Whaley, Ben. Toward a Gameic World: New Rules of Engagement from Japanese Video Games. Ann Arbor: University of Michigan Press (2023). Publisher’s site.
Predictably, my one week, one book plan went almost immediately off the rails as life demanded attention. The bad news is that I fell a bit behind my reading schedule, but the good news is that I solidified plans to be in Japan this summer AND I got to read through Ben Whaley’s new book on Japanese video games! As I said in my first post in this series, the idea behind my summer reading project was to try to acquaint myself with the state of game studies as a field, especially with those books related to Japanese games. From my initial forays on the English language side of things, it seems that a lot of those conversations are happening around Japanese video games. This was my impression as I started thinking about my research project, and I have some theories about why there’s such a dearth of Anglophone scholarship on Japanese analog gaming compared to video games, but enough about me! Let’s talk about this book!
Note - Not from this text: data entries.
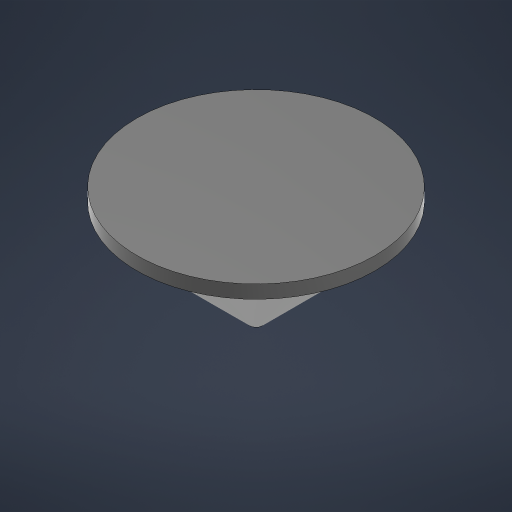
# Autodesk Inventor part: Camera_mirror
Saved by Autodesk Inventor 2024.2 (Build 282272000, 272)
## iProperties
Created: 2023-12-21
Part Number: Camera_mirror
Material: 一般
Document SubType Name: Modeling
Designer: Hanaoka
Density: 1 g/cm^3
Appearance: 既定
Author: Hanaoka
Autodesk Inventor part; units mm, degrees
ref_plane "YZ Plane" through (0, 0, 0) normal (1, 0, 0) x (0, 1, 0)
ref_plane "XZ Plane" through (0, 0, 0) normal (0, 1, 0) x (-1, 0, 0)
ref_plane "XY Plane" through (0, 0, 0) normal (0, 0, 1) x (1, 0, 0)
sketch "スケッチ1" plane through (0, 0, 0) normal (0, 0, 1) x (1, 0, 0)
  line L0 (-25, 25) -> (-1.4142, 1.4142)
  line L1 (1.4142, 1.4142) -> (25, 25)
  line L2 (-25, 25) -> (25, 25)
  line L3 (0, 0) -> (0, 25) construction
  line L4 (-27, 28) -> (27, 28)
  line L5 (27, 28) -> (27, 25)
  line L6 (27, 25) -> (-27, 25)
  line L7 (-27, 25) -> (-27, 28)
  line L8 (0, -5.6) -> (0, 33.6) projected
  line L9 (0, 0) -> (0, 28)
  arc A0 (-1.4142, 1.4142) -> (1.4142, 1.4142) centre (0, 2.8284) ccw
  point P0 (25, 25)
  point P1 (0, 0.8284)
  dimension "d0" = 50
  dimension "d1" = 25
  dimension "d2" = 54
  dimension "d3" = 3
  dimension "d5" = 2
  constraints: 18 end point, 4 point on line, 2 horizontal, 2 midpoint, 2 parallel, 2 perpendicular, 2 point on circle, 2 tangent, 1 centre point, 1 coincident, 1 other
  measures "d0" distance of L0.start L1.end
  measures "d1" distance of L3.start L3.end
  measures "d2" distance of L4.start L4.end
  measures "d3" distance of L6.end L4.start
  measures "d5" radius of A0
revolve "回転1" add sketch "スケッチ1" angle 360 about axis through (0, -10, 0) along (0, 1, 0) contours L8 L4 L5 L6 L2 | L2 L1 A0 L8

I had initially gone into Toward a Gameic World thinking that it would look somewhat like the kind of work I do: a social history of media that investigates the conditions of possibility for what they do. What I soon found, though, was that Whaley takes a much different approach to Japanese video games, one that slowly and methodically builds out a text-centric theoretical schema for approaching the study of video games and the social implications of their gameplay systems. By “slow” and “methodical,” I do NOT mean “boring,” however, and Whaley’s engaging, fun authorial voice made each chapter’s weighty theoretical arguments feel breezy to read. Let’s discuss!